Roma e Lazio, proclamato lo stato di agitazione dei lavoratori del commercio

24/03/2016

La scelta di alcune aziende della distribuzione di aprire al pubblico nelle prossime festività di pasquetta, 25 aprile e 1 maggio rappresenta “uno stravolgimento del vivere sociale della nostra comunità democratica, fondata anche sul valore sociale delle festività”.

Tale valutazione costituisce un patrimonio unitario, condiviso e confermato da Filcams Cgil, Fisascat Cisl e Uiltucs Uil di Roma e del Lazio, ribadito in questi anni, anche con comunicazioni ufficiali alle Istituzioni e alle Amministrazioni locali.

“Per questa ragione, riteniamo necessario proclamare lo stato di agitazione con decorrenza immediata,” hanno affermato i sindacati del commercio di Roma e Lazio, “indicando, di seguito, la sintesi del quadro normativo di riferimento, al fine di fornire a tutte le lavoratrici e i lavoratori del nostro settore conoscenze e strumenti utili a contrastare l’applicazione scellerata delle liberalizzazioni selvagge nelle prossime festività.”

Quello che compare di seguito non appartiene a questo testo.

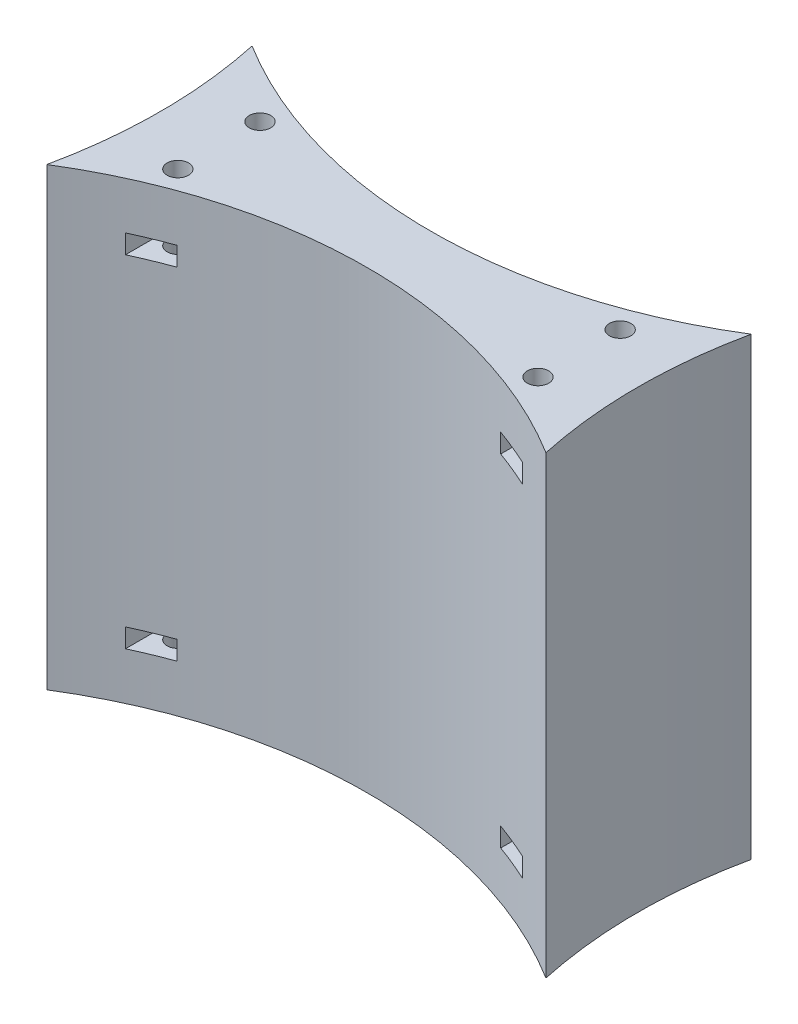
from build123d import *

# Parameters (mm, degrees)
SALIENTE_EXTRUIR1_DEPTH      = 36
SALIENTE_EXTRUIR1_DEPTH_BACK = 36
CROQUIS2_R                   = 1.7
CORTAR_EXTRUIR1_DEPTH        = 30
CORTAR_EXTRUIR2_DEPTH        = 1.5
SIMETR_A2_COPY_1_SKETCH_R    = 1.7
SIMETR_A2_COPY_1_DEPTH       = 30
SIMETR_A2_COPY_2_DEPTH       = 1.5
SIMETR_A3_COPY_1_SKETCH_R    = 1.7
SIMETR_A3_COPY_1_DEPTH       = 30
SIMETR_A3_COPY_2_DEPTH       = 1.5
SIMETR_A3_COPY_3_SKETCH_R    = 1.7
SIMETR_A3_COPY_3_DEPTH       = 30
SIMETR_A3_COPY_4_DEPTH       = 1.5
SIMETR_A3_COPY_5_SKETCH_R    = 1.7
SIMETR_A3_COPY_5_DEPTH       = 30
SIMETR_A3_COPY_6_DEPTH       = 1.5


with BuildPart() as part:
    # Croquis1 → Saliente-Extruir1 (new body, two sides)
    with BuildSketch(Plane(origin=(0, 0, 0), x_dir=(1, 0, 0), z_dir=(0, 1, 0))) as saliente_extruir1_sk:
        with BuildLine():
            ThreePointArc((-39.5, 16.244608071), (0, 5), (39.5, 16.244608071))
            ThreePointArc((39.5, 16.244608071), (37.772172817, 0), (39.5, -16.244608071))
            ThreePointArc((39.5, -16.244608071), (0, -5), (-39.5, -16.244608071))
            ThreePointArc((-39.5, -16.244608071), (-37.772172817, 0), (-39.5, 16.244608071))
        make_face()
    extrude(amount=SALIENTE_EXTRUIR1_DEPTH)
    extrude(saliente_extruir1_sk.sketch, amount=-SALIENTE_EXTRUIR1_DEPTH_BACK)

    # Croquis2 → Cortar-Extruir1 (cut)
    with BuildSketch(Plane(origin=(0, 36, 0), x_dir=(1, 0, 0), z_dir=(0, 1, 0))):
        with Locations((28.5, -6.5)):
            Circle(CROQUIS2_R)
    cortar_extruir1 = extrude(amount=-CORTAR_EXTRUIR1_DEPTH, mode=Mode.SUBTRACT)

    # Croquis3 → Cortar-Extruir2 (cut, symmetric)
    with BuildSketch(Plane(origin=(0, 27, 0), x_dir=(1, 0, 0), z_dir=(0, 1, 0))):
        Polygon((25.598814897, -8.175), (25.598814897, -14.825), (31.401185103, -14.825), (31.401185103, -8.175), (31.401185103, -4.825), (28.5, -3.15), (25.598814897, -4.825), align=None)
    cortar_extruir2 = extrude(amount=CORTAR_EXTRUIR2_DEPTH, both=True, mode=Mode.SUBTRACT)

    # Simetr_a1: Cortar-Extruir1, Cortar-Extruir2 across plane
    add(cortar_extruir1.mirror(Plane.XY), mode=Mode.SUBTRACT)
    add(cortar_extruir2.mirror(Plane.XY), mode=Mode.SUBTRACT)

    # Simetr_a2: Cortar-Extruir1, Cortar-Extruir2 across plane
    add(cortar_extruir1.mirror(Plane(origin=(0, 0, 0), x_dir=(0, 0, 1), z_dir=(1, 0, 0))), mode=Mode.SUBTRACT)
    add(cortar_extruir2.mirror(Plane(origin=(0, 0, 0), x_dir=(0, 0, 1), z_dir=(1, 0, 0))), mode=Mode.SUBTRACT)

    # Simetr_a2 copy 1 sketch → Simetr_a2 copy 1 (cut)
    with BuildSketch(Plane(origin=(0, 36, 0), x_dir=(-1, 0, 0), z_dir=(0, 1, 0))):
        with Locations((28.5, -6.5)):
            Circle(SIMETR_A2_COPY_1_SKETCH_R)
    extrude(amount=-SIMETR_A2_COPY_1_DEPTH, mode=Mode.SUBTRACT)

    # Simetr_a2 copy 2 sketch → Simetr_a2 copy 2 (cut, symmetric)
    with BuildSketch(Plane(origin=(0, 27, 0), x_dir=(-1, 0, 0), z_dir=(0, 1, 0))):
        Polygon((25.598814897, -8.175), (25.598814897, -14.825), (31.401185103, -14.825), (31.401185103, -8.175), (31.401185103, -4.825), (28.5, -3.15), (25.598814897, -4.825), align=None)
    extrude(amount=SIMETR_A2_COPY_2_DEPTH, both=True, mode=Mode.SUBTRACT)

    # Simetr_a3: Cortar-Extruir1, Cortar-Extruir2 across plane
    add(cortar_extruir1.mirror(Plane.ZX), mode=Mode.SUBTRACT)
    add(cortar_extruir2.mirror(Plane.ZX), mode=Mode.SUBTRACT)

    # Simetr_a3 copy 1 sketch → Simetr_a3 copy 1 (cut)
    with BuildSketch(Plane(origin=(0, -36, 0), x_dir=(-1, 0, 0), z_dir=(0, -1, 0))):
        with Locations((28.5, -6.5)):
            Circle(SIMETR_A3_COPY_1_SKETCH_R)
    extrude(amount=-SIMETR_A3_COPY_1_DEPTH, mode=Mode.SUBTRACT)

    # Simetr_a3 copy 2 sketch → Simetr_a3 copy 2 (cut, symmetric)
    with BuildSketch(Plane(origin=(0, -27, 0), x_dir=(-1, 0, 0), z_dir=(0, -1, 0))):
        Polygon((25.598814897, -8.175), (25.598814897, -14.825), (31.401185103, -14.825), (31.401185103, -8.175), (31.401185103, -4.825), (28.5, -3.15), (25.598814897, -4.825), align=None)
    extrude(amount=SIMETR_A3_COPY_2_DEPTH, both=True, mode=Mode.SUBTRACT)

    # Simetr_a3 copy 3 sketch → Simetr_a3 copy 3 (cut)
    with BuildSketch(Plane(origin=(0, -36, 0), x_dir=(-1, 0, 0), z_dir=(0, -1, 0))):
        with Locations((28.5, 6.5)):
            Circle(SIMETR_A3_COPY_3_SKETCH_R)
    extrude(amount=-SIMETR_A3_COPY_3_DEPTH, mode=Mode.SUBTRACT)

    # Simetr_a3 copy 4 sketch → Simetr_a3 copy 4 (cut, symmetric)
    with BuildSketch(Plane(origin=(0, -27, 0), x_dir=(-1, 0, 0), z_dir=(0, -1, 0))):
        Polygon((25.598814897, 8.175), (25.598814897, 14.825), (31.401185103, 14.825), (31.401185103, 8.175), (31.401185103, 4.825), (28.5, 3.15), (25.598814897, 4.825), align=None)
    extrude(amount=SIMETR_A3_COPY_4_DEPTH, both=True, mode=Mode.SUBTRACT)

    # Simetr_a3 copy 5 sketch → Simetr_a3 copy 5 (cut)
    with BuildSketch(Plane.XZ.offset(36)):
        with Locations((28.5, -6.5)):
            Circle(SIMETR_A3_COPY_5_SKETCH_R)
    extrude(amount=-SIMETR_A3_COPY_5_DEPTH, mode=Mode.SUBTRACT)

    # Simetr_a3 copy 6 sketch → Simetr_a3 copy 6 (cut, symmetric)
    with BuildSketch(Plane.XZ.offset(27)):
        Polygon((25.598814897, -8.175), (25.598814897, -14.825), (31.401185103, -14.825), (31.401185103, -8.175), (31.401185103, -4.825), (28.5, -3.15), (25.598814897, -4.825), align=None)
    extrude(amount=SIMETR_A3_COPY_6_DEPTH, both=True, mode=Mode.SUBTRACT)


solid = part.part

Il Contratto nazionale di TDS all’art. 142 prevede tra le festività infrasettimanali retribuite le giornate di pasquetta,  25 aprile e 1 maggio.                                                                                                                 A tale riguardo l’articolo citato recita testualmente: nessuna riduzione o trattenuta sarà operata sulla retribuzione di fatto ai lavoratori in conseguenza della mancata prestazione di lavoro nei giorni “sopra indicati”.